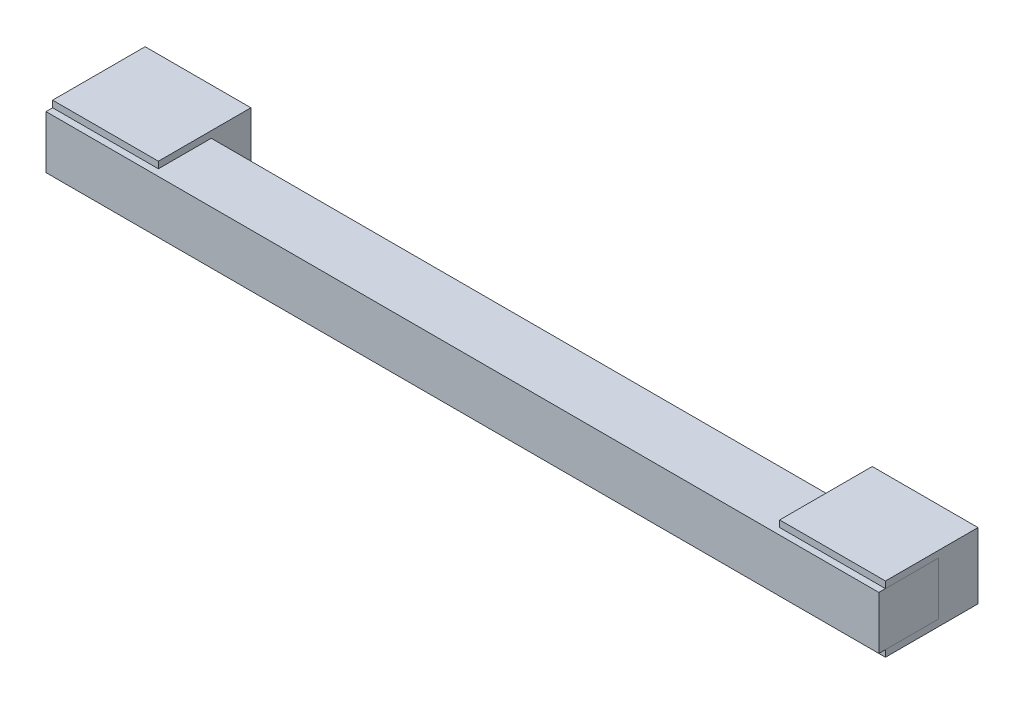
ISO-10303-21;
HEADER;
FILE_DESCRIPTION(('STEP AP214'),'2;1');
FILE_NAME('part.step','',(''),(''),'','','');
FILE_SCHEMA(('AUTOMOTIVE_DESIGN { 1 0 10303 214 1 1 1 1 }'));
ENDSEC;
DATA;
#1=APPLICATION_CONTEXT('core data for automotive mechanical design processes');
#2=APPLICATION_PROTOCOL_DEFINITION('international standard','automotive_design',2000,#1);
#3=PRODUCT_CONTEXT('',#1,'mechanical');
#4=PRODUCT('Part','Part','',(#3));
#5=PRODUCT_RELATED_PRODUCT_CATEGORY('part','',(#4));
#6=PRODUCT_DEFINITION_FORMATION('','',#4);
#7=PRODUCT_DEFINITION_CONTEXT('part definition',#1,'design');
#8=PRODUCT_DEFINITION('design','',#6,#7);
#9=PRODUCT_DEFINITION_SHAPE('','',#8);
#10=(LENGTH_UNIT() NAMED_UNIT(*) SI_UNIT(.MILLI.,.METRE.));
#11=(NAMED_UNIT(*) PLANE_ANGLE_UNIT() SI_UNIT($,.RADIAN.));
#12=(NAMED_UNIT(*) SI_UNIT($,.STERADIAN.) SOLID_ANGLE_UNIT());
#13=UNCERTAINTY_MEASURE_WITH_UNIT(LENGTH_MEASURE(1.E-05),#10,'distance_accuracy_value','');
#14=(GEOMETRIC_REPRESENTATION_CONTEXT(3) GLOBAL_UNCERTAINTY_ASSIGNED_CONTEXT((#13)) GLOBAL_UNIT_ASSIGNED_CONTEXT((#10,
#11,#12)) REPRESENTATION_CONTEXT('',''));
#15=CARTESIAN_POINT('',(0.,0.,0.));
#16=DIRECTION('',(0.,0.,1.));
#17=DIRECTION('',(1.,0.,0.));
#18=AXIS2_PLACEMENT_3D('',#15,#16,#17);
#19=CARTESIAN_POINT('',(0.,0.,15.));
#20=DIRECTION('',(0.,0.,1.));
#21=DIRECTION('',(1.,0.,0.));
#22=AXIS2_PLACEMENT_3D('',#19,#20,#21);
#23=PLANE('',#22);
#24=DIRECTION('',(-1.,0.,0.));
#25=VECTOR('',#24,1.);
#26=CARTESIAN_POINT('',(0.,-4.,15.));
#27=LINE('',#26,#25);
#28=CARTESIAN_POINT('',(63.,-4.,15.));
#29=VERTEX_POINT('',#28);
#30=CARTESIAN_POINT('',(-63.,-4.,15.));
#31=VERTEX_POINT('',#30);
#32=EDGE_CURVE('P0_E11',#29,#31,#27,.T.);
#33=ORIENTED_EDGE('',*,*,#32,.F.);
#34=DIRECTION('',(0.,-1.,0.));
#35=VECTOR('',#34,1.);
#36=CARTESIAN_POINT('',(63.,0.,15.));
#37=LINE('',#36,#35);
#38=CARTESIAN_POINT('',(63.,4.,15.));
#39=VERTEX_POINT('',#38);
#40=EDGE_CURVE('P0_E62',#39,#29,#37,.T.);
#41=ORIENTED_EDGE('',*,*,#40,.F.);
#42=DIRECTION('',(1.,0.,0.));
#43=VECTOR('',#42,1.);
#44=CARTESIAN_POINT('',(0.,4.,15.));
#45=LINE('',#44,#43);
#46=CARTESIAN_POINT('',(-63.,4.,15.));
#47=VERTEX_POINT('',#46);
#48=EDGE_CURVE('P0_E98',#47,#39,#45,.T.);
#49=ORIENTED_EDGE('',*,*,#48,.F.);
#50=DIRECTION('',(0.,1.,0.));
#51=VECTOR('',#50,1.);
#52=CARTESIAN_POINT('',(-63.,0.,15.));
#53=LINE('',#52,#51);
#54=EDGE_CURVE('P0_E25',#31,#47,#53,.T.);
#55=ORIENTED_EDGE('',*,*,#54,.F.);
#56=EDGE_LOOP('',(#33,#41,#49,#55));
#57=FACE_BOUND('',#56,.T.);
#58=ADVANCED_FACE('P0_F17',(#57),#23,.T.);
#59=CARTESIAN_POINT('',(0.,-4.,6.));
#60=DIRECTION('',(0.,-1.,0.));
#61=DIRECTION('',(0.,0.,-1.));
#62=AXIS2_PLACEMENT_3D('',#59,#60,#61);
#63=PLANE('',#62);
#64=DIRECTION('',(0.,0.,1.));
#65=VECTOR('',#64,1.);
#66=CARTESIAN_POINT('',(63.,-4.,6.));
#67=LINE('',#66,#65);
#68=CARTESIAN_POINT('',(63.,-4.,6.));
#69=VERTEX_POINT('',#68);
#70=EDGE_CURVE('P0_E55',#69,#29,#67,.T.);
#71=ORIENTED_EDGE('',*,*,#70,.T.);
#72=ORIENTED_EDGE('',*,*,#32,.T.);
#73=DIRECTION('',(0.,0.,1.));
#74=VECTOR('',#73,1.);
#75=CARTESIAN_POINT('',(-63.,-4.,6.));
#76=LINE('',#75,#74);
#77=CARTESIAN_POINT('',(-63.,-4.,6.));
#78=VERTEX_POINT('',#77);
#79=EDGE_CURVE('P0_E69',#78,#31,#76,.T.);
#80=ORIENTED_EDGE('',*,*,#79,.F.);
#81=DIRECTION('',(1.,0.,0.));
#82=VECTOR('',#81,1.);
#83=CARTESIAN_POINT('',(0.,-4.,6.));
#84=LINE('',#83,#82);
#85=EDGE_CURVE('P0_E67',#78,#69,#84,.T.);
#86=ORIENTED_EDGE('',*,*,#85,.T.);
#87=EDGE_LOOP('',(#71,#72,#80,#86));
#88=FACE_BOUND('',#87,.T.);
#89=ADVANCED_FACE('P0_F68',(#88),#63,.T.);
#90=CARTESIAN_POINT('',(-63.,0.,6.));
#91=DIRECTION('',(-1.,0.,0.));
#92=DIRECTION('',(0.,0.,1.));
#93=AXIS2_PLACEMENT_3D('',#90,#91,#92);
#94=PLANE('',#93);
#95=ORIENTED_EDGE('',*,*,#79,.T.);
#96=ORIENTED_EDGE('',*,*,#54,.T.);
#97=DIRECTION('',(0.,0.,1.));
#98=VECTOR('',#97,1.);
#99=CARTESIAN_POINT('',(-63.,4.,6.));
#100=LINE('',#99,#98);
#101=CARTESIAN_POINT('',(-63.,4.,6.));
#102=VERTEX_POINT('',#101);
#103=EDGE_CURVE('P0_E91',#102,#47,#100,.T.);
#104=ORIENTED_EDGE('',*,*,#103,.F.);
#105=DIRECTION('',(0.,-1.,0.));
#106=VECTOR('',#105,1.);
#107=CARTESIAN_POINT('',(-63.,0.,6.));
#108=LINE('',#107,#106);
#109=EDGE_CURVE('P0_E74',#102,#78,#108,.T.);
#110=ORIENTED_EDGE('',*,*,#109,.T.);
#111=EDGE_LOOP('',(#95,#96,#104,#110));
#112=FACE_BOUND('',#111,.T.);
#113=ADVANCED_FACE('P0_F106',(#112),#94,.T.);
#114=CARTESIAN_POINT('',(0.,4.,6.));
#115=DIRECTION('',(0.,1.,0.));
#116=DIRECTION('',(0.,0.,1.));
#117=AXIS2_PLACEMENT_3D('',#114,#115,#116);
#118=PLANE('',#117);
#119=ORIENTED_EDGE('',*,*,#103,.T.);
#120=ORIENTED_EDGE('',*,*,#48,.T.);
#121=DIRECTION('',(0.,0.,1.));
#122=VECTOR('',#121,1.);
#123=CARTESIAN_POINT('',(63.,4.,6.));
#124=LINE('',#123,#122);
#125=CARTESIAN_POINT('',(63.,4.,6.));
#126=VERTEX_POINT('',#125);
#127=EDGE_CURVE('P0_E64',#126,#39,#124,.T.);
#128=ORIENTED_EDGE('',*,*,#127,.F.);
#129=DIRECTION('',(-1.,0.,0.));
#130=VECTOR('',#129,1.);
#131=CARTESIAN_POINT('',(0.,4.,6.));
#132=LINE('',#131,#130);
#133=EDGE_CURVE('P0_E79',#126,#102,#132,.T.);
#134=ORIENTED_EDGE('',*,*,#133,.T.);
#135=EDGE_LOOP('',(#119,#120,#128,#134));
#136=FACE_BOUND('',#135,.T.);
#137=ADVANCED_FACE('P0_F104',(#136),#118,.T.);
#138=CARTESIAN_POINT('',(0.,0.,6.));
#139=DIRECTION('',(0.,0.,-1.));
#140=DIRECTION('',(-1.,0.,0.));
#141=AXIS2_PLACEMENT_3D('',#138,#139,#140);
#142=PLANE('',#141);
#143=DIRECTION('',(0.,1.,0.));
#144=VECTOR('',#143,1.);
#145=CARTESIAN_POINT('',(63.,0.,6.));
#146=LINE('',#145,#144);
#147=EDGE_CURVE('P0_E60',#69,#126,#146,.T.);
#148=ORIENTED_EDGE('',*,*,#147,.F.);
#149=ORIENTED_EDGE('',*,*,#85,.F.);
#150=ORIENTED_EDGE('',*,*,#109,.F.);
#151=ORIENTED_EDGE('',*,*,#133,.F.);
#152=EDGE_LOOP('',(#148,#149,#150,#151));
#153=FACE_BOUND('',#152,.T.);
#154=ADVANCED_FACE('P0_F77',(#153),#142,.T.);
#155=CARTESIAN_POINT('',(63.,0.,6.));
#156=DIRECTION('',(1.,0.,0.));
#157=DIRECTION('',(0.,0.,-1.));
#158=AXIS2_PLACEMENT_3D('',#155,#156,#157);
#159=PLANE('',#158);
#160=ORIENTED_EDGE('',*,*,#147,.T.);
#161=ORIENTED_EDGE('',*,*,#127,.T.);
#162=ORIENTED_EDGE('',*,*,#40,.T.);
#163=ORIENTED_EDGE('',*,*,#70,.F.);
#164=EDGE_LOOP('',(#160,#161,#162,#163));
#165=FACE_BOUND('',#164,.T.);
#166=ADVANCED_FACE('P0_F57',(#165),#159,.T.);
#167=CLOSED_SHELL('',(#58,#89,#113,#137,#154,#166));
#168=MANIFOLD_SOLID_BREP('P0_B1',#167);
#169=CARTESIAN_POINT('',(-55.,0.,14.));
#170=DIRECTION('',(0.,0.,1.));
#171=DIRECTION('',(1.,0.,0.));
#172=AXIS2_PLACEMENT_3D('',#169,#170,#171);
#173=PLANE('',#172);
#174=DIRECTION('',(-1.,0.,0.));
#175=VECTOR('',#174,1.);
#176=CARTESIAN_POINT('',(-55.,-5.,14.));
#177=LINE('',#176,#175);
#178=CARTESIAN_POINT('',(-47.,-5.,14.));
#179=VERTEX_POINT('',#178);
#180=CARTESIAN_POINT('',(-63.,-5.,14.));
#181=VERTEX_POINT('',#180);
#182=EDGE_CURVE('P1_E11',#179,#181,#177,.T.);
#183=ORIENTED_EDGE('',*,*,#182,.F.);
#184=DIRECTION('',(0.,-1.,0.));
#185=VECTOR('',#184,1.);
#186=CARTESIAN_POINT('',(-47.,0.,14.));
#187=LINE('',#186,#185);
#188=CARTESIAN_POINT('',(-47.,5.,14.));
#189=VERTEX_POINT('',#188);
#190=EDGE_CURVE('P1_E62',#189,#179,#187,.T.);
#191=ORIENTED_EDGE('',*,*,#190,.F.);
#192=DIRECTION('',(1.,0.,0.));
#193=VECTOR('',#192,1.);
#194=CARTESIAN_POINT('',(-55.,5.,14.));
#195=LINE('',#194,#193);
#196=CARTESIAN_POINT('',(-63.,5.,14.));
#197=VERTEX_POINT('',#196);
#198=EDGE_CURVE('P1_E99',#197,#189,#195,.T.);
#199=ORIENTED_EDGE('',*,*,#198,.F.);
#200=DIRECTION('',(0.,1.,0.));
#201=VECTOR('',#200,1.);
#202=CARTESIAN_POINT('',(-63.,0.,14.));
#203=LINE('',#202,#201);
#204=EDGE_CURVE('P1_E25',#181,#197,#203,.T.);
#205=ORIENTED_EDGE('',*,*,#204,.F.);
#206=EDGE_LOOP('',(#183,#191,#199,#205));
#207=FACE_BOUND('',#206,.T.);
#208=ADVANCED_FACE('P1_F17',(#207),#173,.T.);
#209=CARTESIAN_POINT('',(-55.,-5.,0.));
#210=DIRECTION('',(0.,-1.,0.));
#211=DIRECTION('',(0.,0.,-1.));
#212=AXIS2_PLACEMENT_3D('',#209,#210,#211);
#213=PLANE('',#212);
#214=DIRECTION('',(0.,0.,1.));
#215=VECTOR('',#214,1.);
#216=CARTESIAN_POINT('',(-47.,-5.,0.));
#217=LINE('',#216,#215);
#218=CARTESIAN_POINT('',(-47.,-5.,0.));
#219=VERTEX_POINT('',#218);
#220=EDGE_CURVE('P1_E55',#219,#179,#217,.T.);
#221=ORIENTED_EDGE('',*,*,#220,.T.);
#222=ORIENTED_EDGE('',*,*,#182,.T.);
#223=DIRECTION('',(0.,0.,1.));
#224=VECTOR('',#223,1.);
#225=CARTESIAN_POINT('',(-63.,-5.,0.));
#226=LINE('',#225,#224);
#227=CARTESIAN_POINT('',(-63.,-5.,0.));
#228=VERTEX_POINT('',#227);
#229=EDGE_CURVE('P1_E69',#228,#181,#226,.T.);
#230=ORIENTED_EDGE('',*,*,#229,.F.);
#231=DIRECTION('',(1.,0.,0.));
#232=VECTOR('',#231,1.);
#233=CARTESIAN_POINT('',(-55.,-5.,0.));
#234=LINE('',#233,#232);
#235=EDGE_CURVE('P1_E67',#228,#219,#234,.T.);
#236=ORIENTED_EDGE('',*,*,#235,.T.);
#237=EDGE_LOOP('',(#221,#222,#230,#236));
#238=FACE_BOUND('',#237,.T.);
#239=ADVANCED_FACE('P1_F68',(#238),#213,.T.);
#240=CARTESIAN_POINT('',(-63.,0.,0.));
#241=DIRECTION('',(-1.,0.,0.));
#242=DIRECTION('',(0.,0.,1.));
#243=AXIS2_PLACEMENT_3D('',#240,#241,#242);
#244=PLANE('',#243);
#245=ORIENTED_EDGE('',*,*,#229,.T.);
#246=ORIENTED_EDGE('',*,*,#204,.T.);
#247=DIRECTION('',(0.,0.,1.));
#248=VECTOR('',#247,1.);
#249=CARTESIAN_POINT('',(-63.,5.,0.));
#250=LINE('',#249,#248);
#251=CARTESIAN_POINT('',(-63.,5.,0.));
#252=VERTEX_POINT('',#251);
#253=EDGE_CURVE('P1_E92',#252,#197,#250,.T.);
#254=ORIENTED_EDGE('',*,*,#253,.F.);
#255=DIRECTION('',(0.,-1.,0.));
#256=VECTOR('',#255,1.);
#257=CARTESIAN_POINT('',(-63.,0.,0.));
#258=LINE('',#257,#256);
#259=EDGE_CURVE('P1_E74',#252,#228,#258,.T.);
#260=ORIENTED_EDGE('',*,*,#259,.T.);
#261=EDGE_LOOP('',(#245,#246,#254,#260));
#262=FACE_BOUND('',#261,.T.);
#263=ADVANCED_FACE('P1_F106',(#262),#244,.T.);
#264=CARTESIAN_POINT('',(-55.,5.,0.));
#265=DIRECTION('',(0.,1.,0.));
#266=DIRECTION('',(0.,0.,1.));
#267=AXIS2_PLACEMENT_3D('',#264,#265,#266);
#268=PLANE('',#267);
#269=ORIENTED_EDGE('',*,*,#253,.T.);
#270=ORIENTED_EDGE('',*,*,#198,.T.);
#271=DIRECTION('',(0.,0.,1.));
#272=VECTOR('',#271,1.);
#273=CARTESIAN_POINT('',(-47.,5.,0.));
#274=LINE('',#273,#272);
#275=CARTESIAN_POINT('',(-47.,5.,0.));
#276=VERTEX_POINT('',#275);
#277=EDGE_CURVE('P1_E64',#276,#189,#274,.T.);
#278=ORIENTED_EDGE('',*,*,#277,.F.);
#279=DIRECTION('',(-1.,0.,0.));
#280=VECTOR('',#279,1.);
#281=CARTESIAN_POINT('',(-55.,5.,0.));
#282=LINE('',#281,#280);
#283=EDGE_CURVE('P1_E79',#276,#252,#282,.T.);
#284=ORIENTED_EDGE('',*,*,#283,.T.);
#285=EDGE_LOOP('',(#269,#270,#278,#284));
#286=FACE_BOUND('',#285,.T.);
#287=ADVANCED_FACE('P1_F104',(#286),#268,.T.);
#288=CARTESIAN_POINT('',(-55.,0.,0.));
#289=DIRECTION('',(0.,0.,-1.));
#290=DIRECTION('',(-1.,0.,0.));
#291=AXIS2_PLACEMENT_3D('',#288,#289,#290);
#292=PLANE('',#291);
#293=DIRECTION('',(0.,1.,0.));
#294=VECTOR('',#293,1.);
#295=CARTESIAN_POINT('',(-47.,0.,0.));
#296=LINE('',#295,#294);
#297=EDGE_CURVE('P1_E60',#219,#276,#296,.T.);
#298=ORIENTED_EDGE('',*,*,#297,.F.);
#299=ORIENTED_EDGE('',*,*,#235,.F.);
#300=ORIENTED_EDGE('',*,*,#259,.F.);
#301=ORIENTED_EDGE('',*,*,#283,.F.);
#302=EDGE_LOOP('',(#298,#299,#300,#301));
#303=FACE_BOUND('',#302,.T.);
#304=ADVANCED_FACE('P1_F77',(#303),#292,.T.);
#305=CARTESIAN_POINT('',(-47.,0.,0.));
#306=DIRECTION('',(1.,0.,0.));
#307=DIRECTION('',(0.,0.,-1.));
#308=AXIS2_PLACEMENT_3D('',#305,#306,#307);
#309=PLANE('',#308);
#310=ORIENTED_EDGE('',*,*,#297,.T.);
#311=ORIENTED_EDGE('',*,*,#277,.T.);
#312=ORIENTED_EDGE('',*,*,#190,.T.);
#313=ORIENTED_EDGE('',*,*,#220,.F.);
#314=EDGE_LOOP('',(#310,#311,#312,#313));
#315=FACE_BOUND('',#314,.T.);
#316=ADVANCED_FACE('P1_F57',(#315),#309,.T.);
#317=CLOSED_SHELL('',(#208,#239,#263,#287,#304,#316));
#318=MANIFOLD_SOLID_BREP('P1_B1',#317);
#319=CARTESIAN_POINT('',(55.,0.,14.));
#320=DIRECTION('',(0.,0.,1.));
#321=DIRECTION('',(1.,0.,0.));
#322=AXIS2_PLACEMENT_3D('',#319,#320,#321);
#323=PLANE('',#322);
#324=DIRECTION('',(-1.,0.,0.));
#325=VECTOR('',#324,1.);
#326=CARTESIAN_POINT('',(55.,-5.,14.));
#327=LINE('',#326,#325);
#328=CARTESIAN_POINT('',(63.,-5.,14.));
#329=VERTEX_POINT('',#328);
#330=CARTESIAN_POINT('',(47.,-5.,14.));
#331=VERTEX_POINT('',#330);
#332=EDGE_CURVE('P2_E10',#329,#331,#327,.T.);
#333=ORIENTED_EDGE('',*,*,#332,.F.);
#334=DIRECTION('',(0.,-1.,0.));
#335=VECTOR('',#334,1.);
#336=CARTESIAN_POINT('',(63.,0.,14.));
#337=LINE('',#336,#335);
#338=CARTESIAN_POINT('',(63.,5.,14.));
#339=VERTEX_POINT('',#338);
#340=EDGE_CURVE('P2_E61',#339,#329,#337,.T.);
#341=ORIENTED_EDGE('',*,*,#340,.F.);
#342=DIRECTION('',(1.,0.,0.));
#343=VECTOR('',#342,1.);
#344=CARTESIAN_POINT('',(55.,5.,14.));
#345=LINE('',#344,#343);
#346=CARTESIAN_POINT('',(47.,5.,14.));
#347=VERTEX_POINT('',#346);
#348=EDGE_CURVE('P2_E97',#347,#339,#345,.T.);
#349=ORIENTED_EDGE('',*,*,#348,.F.);
#350=DIRECTION('',(0.,1.,0.));
#351=VECTOR('',#350,1.);
#352=CARTESIAN_POINT('',(47.,0.,14.));
#353=LINE('',#352,#351);
#354=EDGE_CURVE('P2_E24',#331,#347,#353,.T.);
#355=ORIENTED_EDGE('',*,*,#354,.F.);
#356=EDGE_LOOP('',(#333,#341,#349,#355));
#357=FACE_BOUND('',#356,.T.);
#358=ADVANCED_FACE('P2_F16',(#357),#323,.T.);
#359=CARTESIAN_POINT('',(55.,-5.,0.));
#360=DIRECTION('',(0.,-1.,0.));
#361=DIRECTION('',(0.,0.,-1.));
#362=AXIS2_PLACEMENT_3D('',#359,#360,#361);
#363=PLANE('',#362);
#364=DIRECTION('',(0.,0.,1.));
#365=VECTOR('',#364,1.);
#366=CARTESIAN_POINT('',(63.,-5.,0.));
#367=LINE('',#366,#365);
#368=CARTESIAN_POINT('',(63.,-5.,0.));
#369=VERTEX_POINT('',#368);
#370=EDGE_CURVE('P2_E54',#369,#329,#367,.T.);
#371=ORIENTED_EDGE('',*,*,#370,.T.);
#372=ORIENTED_EDGE('',*,*,#332,.T.);
#373=DIRECTION('',(0.,0.,1.));
#374=VECTOR('',#373,1.);
#375=CARTESIAN_POINT('',(47.,-5.,0.));
#376=LINE('',#375,#374);
#377=CARTESIAN_POINT('',(47.,-5.,0.));
#378=VERTEX_POINT('',#377);
#379=EDGE_CURVE('P2_E68',#378,#331,#376,.T.);
#380=ORIENTED_EDGE('',*,*,#379,.F.);
#381=DIRECTION('',(1.,0.,0.));
#382=VECTOR('',#381,1.);
#383=CARTESIAN_POINT('',(55.,-5.,0.));
#384=LINE('',#383,#382);
#385=EDGE_CURVE('P2_E66',#378,#369,#384,.T.);
#386=ORIENTED_EDGE('',*,*,#385,.T.);
#387=EDGE_LOOP('',(#371,#372,#380,#386));
#388=FACE_BOUND('',#387,.T.);
#389=ADVANCED_FACE('P2_F67',(#388),#363,.T.);
#390=CARTESIAN_POINT('',(47.,0.,0.));
#391=DIRECTION('',(-1.,0.,0.));
#392=DIRECTION('',(0.,0.,1.));
#393=AXIS2_PLACEMENT_3D('',#390,#391,#392);
#394=PLANE('',#393);
#395=ORIENTED_EDGE('',*,*,#379,.T.);
#396=ORIENTED_EDGE('',*,*,#354,.T.);
#397=DIRECTION('',(0.,0.,1.));
#398=VECTOR('',#397,1.);
#399=CARTESIAN_POINT('',(47.,5.,0.));
#400=LINE('',#399,#398);
#401=CARTESIAN_POINT('',(47.,5.,0.));
#402=VERTEX_POINT('',#401);
#403=EDGE_CURVE('P2_E90',#402,#347,#400,.T.);
#404=ORIENTED_EDGE('',*,*,#403,.F.);
#405=DIRECTION('',(0.,-1.,0.));
#406=VECTOR('',#405,1.);
#407=CARTESIAN_POINT('',(47.,0.,0.));
#408=LINE('',#407,#406);
#409=EDGE_CURVE('P2_E73',#402,#378,#408,.T.);
#410=ORIENTED_EDGE('',*,*,#409,.T.);
#411=EDGE_LOOP('',(#395,#396,#404,#410));
#412=FACE_BOUND('',#411,.T.);
#413=ADVANCED_FACE('P2_F105',(#412),#394,.T.);
#414=CARTESIAN_POINT('',(55.,5.,0.));
#415=DIRECTION('',(0.,1.,0.));
#416=DIRECTION('',(0.,0.,1.));
#417=AXIS2_PLACEMENT_3D('',#414,#415,#416);
#418=PLANE('',#417);
#419=ORIENTED_EDGE('',*,*,#403,.T.);
#420=ORIENTED_EDGE('',*,*,#348,.T.);
#421=DIRECTION('',(0.,0.,1.));
#422=VECTOR('',#421,1.);
#423=CARTESIAN_POINT('',(63.,5.,0.));
#424=LINE('',#423,#422);
#425=CARTESIAN_POINT('',(63.,5.,0.));
#426=VERTEX_POINT('',#425);
#427=EDGE_CURVE('P2_E63',#426,#339,#424,.T.);
#428=ORIENTED_EDGE('',*,*,#427,.F.);
#429=DIRECTION('',(-1.,0.,0.));
#430=VECTOR('',#429,1.);
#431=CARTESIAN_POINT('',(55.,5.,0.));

__Exercise description__.
The line above containing "#76=LINE('',#75,#74);", the line containing "#106=VECTOR('',#105,1.);", and every line between them are to be transcribed exactly; no other line is wanted.

__Answer for this exercise__.
#76=LINE('',#75,#74);
#77=CARTESIAN_POINT('',(-63.,-4.,6.));
#78=VERTEX_POINT('',#77);
#79=EDGE_CURVE('P0_E69',#78,#31,#76,.T.);
#80=ORIENTED_EDGE('',*,*,#79,.F.);
#81=DIRECTION('',(1.,0.,0.));
#82=VECTOR('',#81,1.);
#83=CARTESIAN_POINT('',(0.,-4.,6.));
#84=LINE('',#83,#82);
#85=EDGE_CURVE('P0_E67',#78,#69,#84,.T.);
#86=ORIENTED_EDGE('',*,*,#85,.T.);
#87=EDGE_LOOP('',(#71,#72,#80,#86));
#88=FACE_BOUND('',#87,.T.);
#89=ADVANCED_FACE('P0_F68',(#88),#63,.T.);
#90=CARTESIAN_POINT('',(-63.,0.,6.));
#91=DIRECTION('',(-1.,0.,0.));
#92=DIRECTION('',(0.,0.,1.));
#93=AXIS2_PLACEMENT_3D('',#90,#91,#92);
#94=PLANE('',#93);
#95=ORIENTED_EDGE('',*,*,#79,.T.);
#96=ORIENTED_EDGE('',*,*,#54,.T.);
#97=DIRECTION('',(0.,0.,1.));
#98=VECTOR('',#97,1.);
#99=CARTESIAN_POINT('',(-63.,4.,6.));
#100=LINE('',#99,#98);
#101=CARTESIAN_POINT('',(-63.,4.,6.));
#102=VERTEX_POINT('',#101);
#103=EDGE_CURVE('P0_E91',#102,#47,#100,.T.);
#104=ORIENTED_EDGE('',*,*,#103,.F.);
#105=DIRECTION('',(0.,-1.,0.));
#106=VECTOR('',#105,1.);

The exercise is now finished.